* **Goal of the exercise**:
Look through the records, and wherever the string "renamed" turns up, copy out that line.

* **Extracted entries**:
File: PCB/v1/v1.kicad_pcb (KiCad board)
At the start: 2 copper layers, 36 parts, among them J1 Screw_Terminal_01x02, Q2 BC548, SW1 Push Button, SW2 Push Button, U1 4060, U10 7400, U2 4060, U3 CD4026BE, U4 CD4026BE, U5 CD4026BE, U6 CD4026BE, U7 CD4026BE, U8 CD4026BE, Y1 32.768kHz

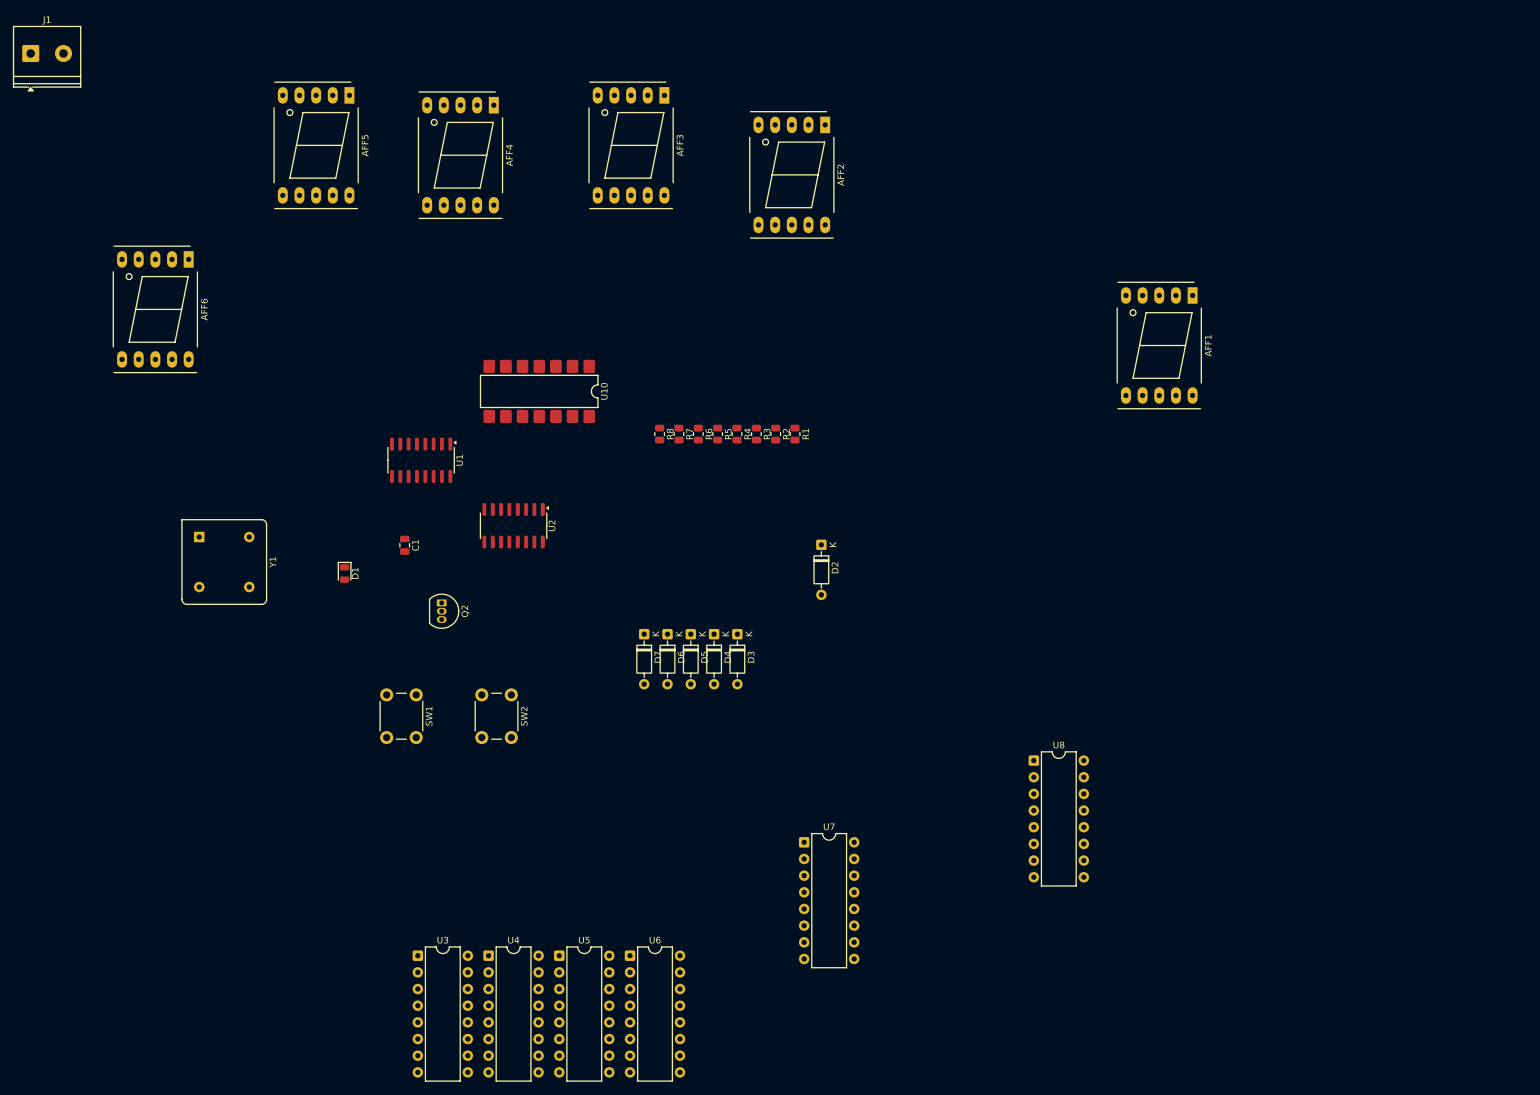
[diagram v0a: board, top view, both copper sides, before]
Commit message: Updated Schematic, made PCB Design
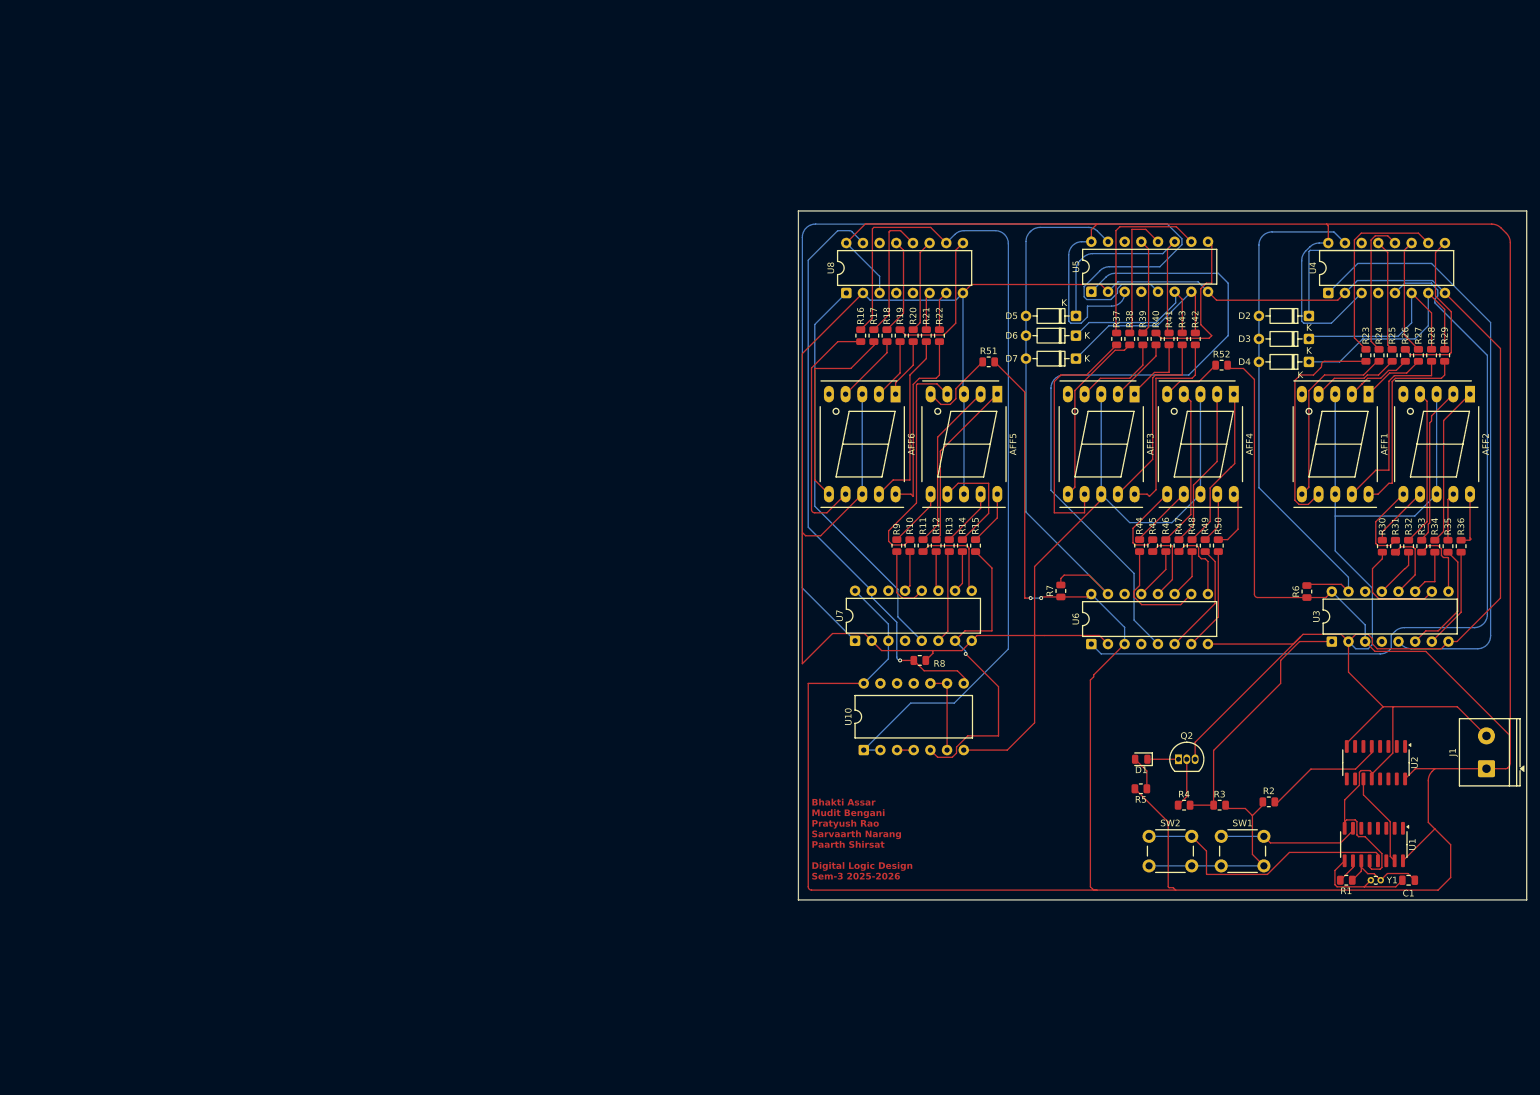
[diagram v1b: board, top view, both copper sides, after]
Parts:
- added R10: 330R, Resistor_SMD:R_0805_2012Metric, F.Cu at (159.0, 100.5)
- added R11: 330R, Resistor_SMD:R_0805_2012Metric, F.Cu at (161.0, 100.5)
- added R12: 330R, Resistor_SMD:R_0805_2012Metric, F.Cu at (163.0, 100.5)
- added R13: 330R, Resistor_SMD:R_0805_2012Metric, F.Cu at (165.0, 100.5)
- added R14: 330R, Resistor_SMD:R_0805_2012Metric, F.Cu at (167.0, 100.5)
- added R15: 330R, Resistor_SMD:R_0805_2012Metric, F.Cu at (169.0, 100.5)
- added R16: 330R, Resistor_SMD:R_0805_2012Metric, F.Cu at (151.5, 68.5)
- added R17: 330R, Resistor_SMD:R_0805_2012Metric, F.Cu at (153.5, 68.5)
- added R18: 330R, Resistor_SMD:R_0805_2012Metric, F.Cu at (155.5, 68.5)
- added R19: 330R, Resistor_SMD:R_0805_2012Metric, F.Cu at (157.5, 68.5)
- added R20: 330R, Resistor_SMD:R_0805_2012Metric, F.Cu at (159.5, 68.5)
- added R21: 330R, Resistor_SMD:R_0805_2012Metric, F.Cu at (161.5, 68.5)
- added R22: 330R, Resistor_SMD:R_0805_2012Metric, F.Cu at (163.5, 68.5)
- added R23: 330R, Resistor_SMD:R_0805_2012Metric, F.Cu at (228.5, 71.5)
- added R24: 330R, Resistor_SMD:R_0805_2012Metric, F.Cu at (230.5, 71.5)
- added R25: 330R, Resistor_SMD:R_0805_2012Metric, F.Cu at (232.5, 71.5)
- added R26: 330R, Resistor_SMD:R_0805_2012Metric, F.Cu at (234.5, 71.5)
- added R27: 330R, Resistor_SMD:R_0805_2012Metric, F.Cu at (236.5, 71.5)
- added R28: 330R, Resistor_SMD:R_0805_2012Metric, F.Cu at (238.5, 71.5)
- added R29: 330R, Resistor_SMD:R_0805_2012Metric, F.Cu at (240.5, 71.5)
- added R30: 330R, Resistor_SMD:R_0805_2012Metric, F.Cu at (231.0, 100.6)
- added R31: 330R, Resistor_SMD:R_0805_2012Metric, F.Cu at (233.0, 100.6)
- added R32: 330R, Resistor_SMD:R_0805_2012Metric, F.Cu at (235.0, 100.6)
- added R33: 330R, Resistor_SMD:R_0805_2012Metric, F.Cu at (237.0, 100.6)
- added R34: 330R, Resistor_SMD:R_0805_2012Metric, F.Cu at (239.0, 100.6)
- added R35: 330R, Resistor_SMD:R_0805_2012Metric, F.Cu at (241.0, 100.6)
- added R36: 330R, Resistor_SMD:R_0805_2012Metric, F.Cu at (243.0, 100.6)
- added R37: 330R, Resistor_SMD:R_0805_2012Metric, F.Cu at (190.5, 69.0)
- added R38: 330R, Resistor_SMD:R_0805_2012Metric, F.Cu at (192.5, 69.0)
- added R39: 330R, Resistor_SMD:R_0805_2012Metric, F.Cu at (194.5, 69.0)
- added R40: 330R, Resistor_SMD:R_0805_2012Metric, F.Cu at (196.5, 69.0)
- added R41: 330R, Resistor_SMD:R_0805_2012Metric, F.Cu at (198.5, 69.0)
- added R42: 330R, Resistor_SMD:R_0805_2012Metric, F.Cu at (200.5, 69.0)
- added R43: 330R, Resistor_SMD:R_0805_2012Metric, F.Cu at (202.5, 69.0)
- added R44: 330R, Resistor_SMD:R_0805_2012Metric, F.Cu at (194.0, 100.5)
- added R45: 330R, Resistor_SMD:R_0805_2012Metric, F.Cu at (196.0, 100.5)
- added R46: 330R, Resistor_SMD:R_0805_2012Metric, F.Cu at (198.0, 100.5)
- added R47: 330R, Resistor_SMD:R_0805_2012Metric, F.Cu at (200.0, 100.5)
- added R48: 330R, Resistor_SMD:R_0805_2012Metric, F.Cu at (202.0, 100.5)
- added R49: 330R, Resistor_SMD:R_0805_2012Metric, F.Cu at (204.0, 100.5)
- added R50: 330R, Resistor_SMD:R_0805_2012Metric, F.Cu at (206.0, 100.5)
- added R51: 330R, Resistor_SMD:R_0805_2012Metric, F.Cu at (171.0, 72.5)
- added R52: 330R, Resistor_SMD:R_0805_2012Metric, F.Cu at (206.5, 73.0)
- added R9: 330R, Resistor_SMD:R_0805_2012Metric, F.Cu at (157.0, 100.5)
- R5: value 330 -> 330R
- U10: footprint Package_DIP:SMDIP-14_W7.62mm -> Package_DIP:DIP-14_W10.16mm
- Y1: footprint Oscillator:Oscillator_DIP-8 -> Crystal:Crystal_DS10_D1.0mm_L4.3mm_Vertical
- moved J1 247.2 mm to (246.9, 134.5), turned to 90 degrees
- moved Y1 186.1 mm to (229.2, 151.5), turned to 0 degrees
- moved U4 163.0 mm to (222.8, 62.0), turned to 90 degrees
- moved C1 161.3 mm to (235.0, 151.5), turned to 0 degrees
- moved U1 156.6 mm to (229.7, 146.1)
- moved U3 147.3 mm to (223.3, 115.1), turned to 90 degrees
- moved U2 136.3 mm to (230.0, 133.6)
- moved U5 129.7 mm to (186.7, 61.8), turned to 90 degrees
- moved D1 124.7 mm to (194.3, 133.1), turned to 180 degrees
- moved SW1 124.6 mm to (206.4, 144.8), turned to 0 degrees
- moved AFF4 121.1 mm to (208.4, 77.4)
- moved Q2 114.8 mm to (199.9, 133.1), turned to 0 degrees
- moved AFF6 109.7 mm to (156.8, 77.4)
- moved AFF5 108.7 mm to (172.3, 77.4)
- moved R1 108.1 mm to (225.5, 151.5), turned to 180 degrees
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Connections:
- net Net-(U4-CARRY_OUT) renamed /CLK - Mod-60 (2)
- net Net-(U5-CARRY_OUT) renamed /CLK - Mod-12
- AFF4 pad 5: unconnected-(AFF4-DP-Pad5) -> Net-(AFF4-DP)
- AFF5 pad 5: unconnected-(AFF5-DP-Pad5) -> Net-(AFF5-DP)
- D2 pad 1: Net-(AFF2-e) -> Net-(D2-K)
- D3 pad 1: Net-(AFF2-f) -> Net-(D3-K)
- D4 pad 1: Net-(AFF2-g) -> Net-(D4-K)
- D5 pad 1: Net-(AFF4-e) -> Net-(D5-K)
- D6 pad 1: Net-(AFF4-f) -> Net-(D6-K)
- D7 pad 1: Net-(AFF4-g) -> Net-(D7-K)
- R3 pad 1: Net-(R3-Pad1) -> /CLK - Mod-60 (1)
- R4 pad 2: Net-(R3-Pad1) -> /CLK - Mod-60 (1)
- R6 pad 1: unconnected-(R6-Pad1) -> +6V
- U10 pad 1: Net-(AFF6-a) -> Net-(U8-A)
- U10 pad 2: Net-(AFF6-a) -> Net-(U8-A)
- U10 pad 5: Net-(AFF5-g) -> Net-(U7-G)
- U3 pad 1: Net-(D1-K) -> /CLK - Mod-60 (1)
- U3 pad 10: Net-(AFF2-a) -> Net-(U3-A)
- U3 pad 11: Net-(AFF2-e) -> Net-(U3-E)
- U3 pad 12: Net-(AFF2-b) -> Net-(U3-B)
- U3 pad 13: Net-(AFF2-c) -> Net-(U3-C)
- U3 pad 6: Net-(AFF2-f) -> Net-(U3-F)
- U3 pad 7: Net-(AFF2-g) -> Net-(U3-G)
- U3 pad 9: Net-(AFF2-d) -> Net-(U3-D)
- U4 pad 10: Net-(AFF1-a) -> Net-(U4-A)
- U4 pad 11: Net-(AFF1-e) -> Net-(D2-K)
- U4 pad 12: Net-(AFF1-b) -> Net-(U4-B)
- U4 pad 13: Net-(AFF1-c) -> Net-(U4-C)
- U4 pad 6: Net-(AFF1-f) -> Net-(D3-K)
- U4 pad 7: Net-(AFF1-g) -> Net-(D4-K)
- U4 pad 9: Net-(AFF1-d) -> Net-(U4-D)
- U5 pad 10: Net-(AFF3-a) -> Net-(U5-A)
- U5 pad 11: Net-(AFF3-e) -> Net-(D5-K)
- U5 pad 12: Net-(AFF3-b) -> Net-(U5-B)
- U5 pad 13: Net-(AFF3-c) -> Net-(U5-C)
- U5 pad 6: Net-(AFF3-f) -> Net-(D6-K)
- U5 pad 7: Net-(AFF3-g) -> Net-(D7-K)
- U5 pad 9: Net-(AFF3-d) -> Net-(U5-D)
- U6 pad 10: Net-(AFF4-a) -> Net-(U6-A)
- U6 pad 11: Net-(AFF4-e) -> Net-(U6-E)
- U6 pad 12: Net-(AFF4-b) -> Net-(U6-B)
- U6 pad 13: Net-(AFF4-c) -> Net-(U6-C)
- U6 pad 6: Net-(AFF4-f) -> Net-(U6-F)
- U6 pad 7: Net-(AFF4-g) -> Net-(U6-G)
- U6 pad 9: Net-(AFF4-d) -> Net-(U6-D)
- U7 pad 10: Net-(AFF5-a) -> Net-(U7-A)
- U7 pad 11: Net-(AFF5-e) -> Net-(U7-E)
- U7 pad 12: Net-(AFF5-b) -> Net-(U7-B)
- U7 pad 13: Net-(AFF5-c) -> Net-(U7-C)
- U7 pad 6: Net-(AFF5-f) -> Net-(U7-F)
- U7 pad 7: Net-(AFF5-g) -> Net-(U7-G)
- U7 pad 9: Net-(AFF5-d) -> Net-(U7-D)
- U8 pad 10: Net-(AFF6-a) -> Net-(U8-A)
- U8 pad 11: Net-(AFF6-e) -> Net-(U8-E)
- U8 pad 12: Net-(AFF6-b) -> Net-(U8-B)
- U8 pad 13: Net-(AFF6-c) -> Net-(U8-C)
- U8 pad 6: Net-(AFF6-f) -> Net-(U8-F)
- U8 pad 7: Net-(AFF6-g) -> Net-(U8-G)
- U8 pad 9: Net-(AFF6-d) -> Net-(U8-D)
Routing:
- net +6V: track 0.00 -> 658.8 mm, vias 0 -> 2
- net GND: track 0.00 -> 649.5 mm
- net /CLK - Mod-12: track 0.00 -> 158.5 mm
- net Net-(U8-A): track 0.00 -> 132.4 mm
- net /CLK - Mod-60 (2): track 0.00 -> 125.3 mm
- net Net-(U5-CLK): track 0.00 -> 106.8 mm
- net Net-(U3-CARRY_OUT): track 0.00 -> 93.5 mm
- net Net-(U7-RESET): track 0.00 -> 89.1 mm, vias 0 -> 1
- net Net-(D5-A): track 0.00 -> 83.0 mm
- net Net-(D2-A): track 0.00 -> 80.2 mm
- net Net-(U7-CARRY_OUT): track 0.00 -> 61.7 mm
- net Net-(U7-G): track 0.00 -> 49.3 mm, vias 0 -> 1
- net Net-(D2-K): track 0.00 -> 44.3 mm
- net Net-(U1-Q9): track 0.00 -> 41.8 mm
- net Net-(AFF3-a): track 0.00 -> 39.3 mm
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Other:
- board outline added: 111 x 105 mm
- board text added: "Bhakti Assar Mudit Bengani Pratyush Rao Sarvaarth Narang Paarth Shirsat Digital Logic Design Sem-3 2025-2026"

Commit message: Updated Schematic
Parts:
- added C10: 0.1u, Capacitor_SMD:C_0805_2012Metric_Pad1.18x1.45mm_HandSolder, F.Cu at (93.8, 66.8)
- added C2: 0.1u, Capacitor_SMD:C_0805_2012Metric_Pad1.18x1.45mm_HandSolder, F.Cu at (166.0, 77.8)
- added C3: 0.1u, Capacitor_SMD:C_0805_2012Metric_Pad1.18x1.45mm_HandSolder, F.Cu at (82.8, 98.0)
- added C4: 0.1u, Capacitor_SMD:C_0805_2012Metric_Pad1.18x1.45mm_HandSolder, F.Cu at (157.2, 78.8)
- added C5: 0.1u, Capacitor_SMD:C_0805_2012Metric_Pad1.18x1.45mm_HandSolder, F.Cu at (60.0, 96.2)
- added C6: 0.1u, Capacitor_SMD:C_0805_2012Metric_Pad1.18x1.45mm_HandSolder, F.Cu at (68.0, 65.0)
- added C7: 0.1u, Capacitor_SMD:C_0805_2012Metric_Pad1.18x1.45mm_HandSolder, F.Cu at (166.0, 67.8)
- added C8: 0.1u, Capacitor_SMD:C_0805_2012Metric_Pad1.18x1.45mm_HandSolder, F.Cu at (104.2, 97.8)
- added C9: 0.1u, Capacitor_SMD:C_0805_2012Metric_Pad1.18x1.45mm_HandSolder, F.Cu at (120.0, 68.0)
- moved D4 168.5 mm to (53.5, 99.9), turned to 90 degrees
- moved D2 167.1 mm to (56.2, 99.9), turned to 90 degrees
- moved D3 164.9 mm to (56.2, 89.6), turned to 90 degrees
- moved D5 133.0 mm to (53.5, 89.6), turned to 90 degrees
- moved D7 131.0 mm to (53.5, 79.6), turned to 90 degrees
- moved D6 128.5 mm to (56.2, 79.6), turned to 90 degrees
- moved U3 119.9 mm to (103.6, 107.8)
- moved AFF2 110.8 mm to (134.8, 94.2), turned to 90 degrees
- moved R15 109.3 mm to (59.9, 94.0), turned to 180 degrees
- moved AFF1 109.3 mm to (120.9, 94.2), turned to 90 degrees
- moved R43 108.6 mm to (93.9, 72.0), turned to 0 degrees
- moved R14 107.4 mm to (59.9, 92.0), turned to 180 degrees
- moved R40 106.9 mm to (89.6, 66.8), turned to 0 degrees
- moved R42 106.7 mm to (93.9, 74.0), turned to 0 degrees
- moved R30 106.4 mm to (124.8, 105.3)
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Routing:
- net +6V: track 658.8 -> 316.9 mm, vias 2 -> 0
- net GND: track 649.5 -> 361.0 mm, vias 0 -> 1
- net Net-(D4-K): track 35.1 -> 141.5 mm, vias 0 -> 4
- net Net-(D2-A): track 80.2 -> 166.1 mm, vias 0 -> 1
- net Net-(D2-K): track 44.3 -> 129.7 mm, vias 0 -> 5
- net Net-(D3-K): track 31.1 -> 111.6 mm, vias 0 -> 4
- net Net-(D5-A): track 83.0 -> 163.2 mm, vias 0 -> 4
- net /CLK - Mod-12: track 158.5 -> 80.1 mm, vias 0 -> 1
- net Net-(U5-CLK): track 106.8 -> 33.0 mm
- net Net-(AFF5-DP): track 12.2 -> 77.1 mm, vias 0 -> 3
- net Net-(U7-G): track 49.3 -> 109.2 mm
- net Net-(U7-RESET): track 89.1 -> 145.8 mm, vias 1 -> 4
- net Net-(U3-CARRY_OUT): track 93.5 -> 42.4 mm, vias 0 -> 3
- net Net-(U1-~{Φ1}): track 14.3 -> 64.9 mm, vias 0 -> 1
- net Net-(D7-K): track 28.3 -> 74.2 mm, vias 0 -> 1
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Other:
- board size 111 x 105 mm -> 126 x 47 mm
- board text added: "Made By Bhakti,Mudit,Pratyush Sarvaarth,Paarth DLD Sem 3 2025-2026"
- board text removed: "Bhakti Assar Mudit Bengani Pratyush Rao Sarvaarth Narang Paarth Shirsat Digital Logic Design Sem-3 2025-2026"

* **Exercise output**:
- net Net-(U4-CARRY_OUT) renamed /CLK - Mod-60 (2)
- net Net-(U5-CARRY_OUT) renamed /CLK - Mod-12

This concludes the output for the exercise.